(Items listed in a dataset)

---*---

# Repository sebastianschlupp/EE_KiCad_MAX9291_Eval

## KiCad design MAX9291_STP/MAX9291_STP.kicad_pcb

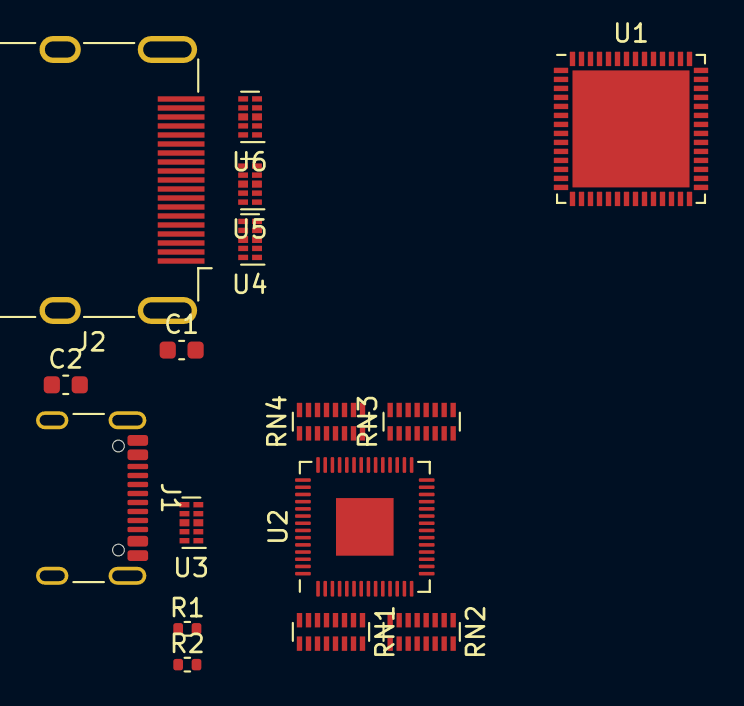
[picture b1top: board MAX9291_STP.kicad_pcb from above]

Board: 2 copper layers, 16 parts (0 on the bottom side), 53 nets, no tracks yet.

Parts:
C1, C2: C; C_0603_1608Metric
J1: USB_C_Receptacle; USB_C_Receptacle_GCT_USB4105-xx-A_16P_TopMnt_Horizontal
J2: HDMI_A_1.4; HDMI_A_Molex_208658-1001_Horizontal
R1, R2: 5.1k; R_0402_1005Metric
RN1, RN2, RN3, RN4: 4.7K; Yageo_YC248
U1: MAX9291; TQFN-56-1EP_8x8mm_P0.5mm_EP6.5x6.5mm
U2: RP2040; QFN-56-1EP_7x7mm_P0.4mm_EP3.2x3.2mm
U3, U4, U5, U6: TPD4E02B04DQA; USON-10_2.5x1.0mm_P0.5mm

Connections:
GNDREF: C1.2, C2.2, J1.A1 (GND), J1.A12 (GND), J1.B1 (GND), J1.B12 (GND), J2.17 (GND), R1.2, R2.2, U1.57 (GND), U2.57 (GND), U3.3 (G), U3.8 (G), U4.3 (G), U4.8 (G), U5.3 (G), U5.8 (G), U6.3 (G), U6.8 (G)
unnamed: J1.A5 (CC1), R2.1
unnamed: J1.B5 (CC2), R1.1
unnamed: C2.1, J1.S1 (SHIELD)
unnamed: J2.18 (+5V), U6.4 (IO3), U6.7 (NC)
unnamed: J2.10 (CK+), U5.4 (IO3), U5.7 (NC)
unnamed: J2.12 (CK-), U5.5 (IO4), U5.6 (NC)
unnamed: C1.1, J2.2 (D2S), J2.5 (D1S), J2.8 (D0S), J2.11 (CKS), J2.SH
unnamed: J2.7 (D0+), U5.1 (IO1), U5.10 (NC)
unnamed: J2.9 (D0-), U5.2 (IO2), U5.9 (NC)
unnamed: J2.4 (D1+), U4.4 (IO3), U4.7 (NC)
unnamed: J2.6 (D1-), U4.5 (IO4), U4.6 (NC)
unnamed: J2.1 (D2+), U4.1 (IO1), U4.10 (NC)
unnamed: J2.3 (D2-), U4.2 (IO2), U4.9 (NC)
unnamed: J2.19 (HPD/HEAC-), U6.5 (IO4), U6.6 (NC)
unnamed: J2.15 (SCL), U6.1 (IO1), U6.10 (NC)
unnamed: J2.16 (SDA), U6.2 (IO2), U6.9 (NC)
unnamed: RN1.1 (R1.1), U2.9 (GPIO7)
unnamed: RN1.2 (R2.1), U2.8 (GPIO6)
unnamed: RN1.3 (R3.1), U2.7 (GPIO5)
unnamed: RN1.4 (R4.1), U2.6 (GPIO4)
unnamed: RN1.5 (R5.1), U2.5 (GPIO3)
unnamed: RN1.6 (R6.1), U2.4 (GPIO2)
unnamed: RN1.7 (R7.1), U2.3 (GPIO1)
unnamed: RN1.8 (R8.1), U2.2 (GPIO0)
unnamed: RN2.1 (R1.1), U2.18 (GPIO15)
unnamed: RN2.2 (R2.1), U2.17 (GPIO14)
unnamed: RN2.3 (R3.1), U2.16 (GPIO13)
unnamed: RN2.4 (R4.1), U2.15 (GPIO12)
unnamed: RN2.5 (R5.1), U2.14 (GPIO11)
unnamed: RN2.6 (R6.1), U2.13 (GPIO10)
unnamed: RN2.7 (R7.1), U2.12 (GPIO9)
unnamed: RN2.8 (R8.1), U2.11 (GPIO8)
unnamed: RN3.1 (R1.1), U2.35 (GPIO23)
unnamed: RN3.2 (R2.1), U2.34 (GPIO22)
unnamed: RN3.3 (R3.1), U2.32 (GPIO21)
unnamed: RN3.4 (R4.1), U2.31 (GPIO20)
unnamed: RN3.5 (R5.1), U2.30 (GPIO19)
unnamed: RN3.6 (R6.1), U2.29 (GPIO18)
unnamed: RN3.7 (R7.1), U2.28 (GPIO17)
unnamed: RN3.8 (R8.1), U2.27 (GPIO16)
unnamed: RN4.3 (R3.1), U2.41 (GPIO29_ADC3)
unnamed: RN4.4 (R4.1), U2.40 (GPIO28_ADC2)
unnamed: RN4.5 (R5.1), U2.39 (GPIO27_ADC1)
unnamed: RN4.6 (R6.1), U2.38 (GPIO26_ADC0)
unnamed: RN4.7 (R7.1), U2.37 (GPIO25)
unnamed: RN4.8 (R8.1), U2.36 (GPIO24)
unnamed: U2.23 (DVDD), U2.50 (DVDD)
unnamed: U2.1 (IOVDD), U2.10 (IOVDD), U2.22 (IOVDD), U2.33 (IOVDD), U2.42 (IOVDD), U2.49 (IOVDD)
unnamed: J1.A7 (D-), J1.B7 (D-), U2.46 (USB_DM), U3.5 (IO4), U3.6 (NC)
unnamed: J1.A6 (D+), J1.B6 (D+), U2.47 (USB_DP), U3.4 (IO3), U3.7 (NC)
unnamed: U3.2 (IO2), U3.9 (NC)
VBUS: J1.A4 (VBUS), J1.A9 (VBUS), J1.B4 (VBUS), J1.B9 (VBUS), U3.1 (IO1), U3.10 (NC)

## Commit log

2024-02-12 Delete ProjectSpecifics.bak
    mistakenly omitted from .gitignore
2024-02-12 Updated .gitignore Added *.bak
2024-02-12 Deleted .bak files
    Seigned-off-by: Sebastian Schlupp <sebastian.schlupp@gmail.com>

---*---

-- What this task involves --
Output exactly the lines of the data that run from the one containing "## Commit log" to the very last line, and no others.

-- Completed exercise --
## Commit log

2024-02-12 Delete ProjectSpecifics.bak
    mistakenly omitted from .gitignore
2024-02-12 Updated .gitignore Added *.bak
2024-02-12 Deleted .bak files
    Seigned-off-by: Sebastian Schlupp <sebastian.schlupp@gmail.com>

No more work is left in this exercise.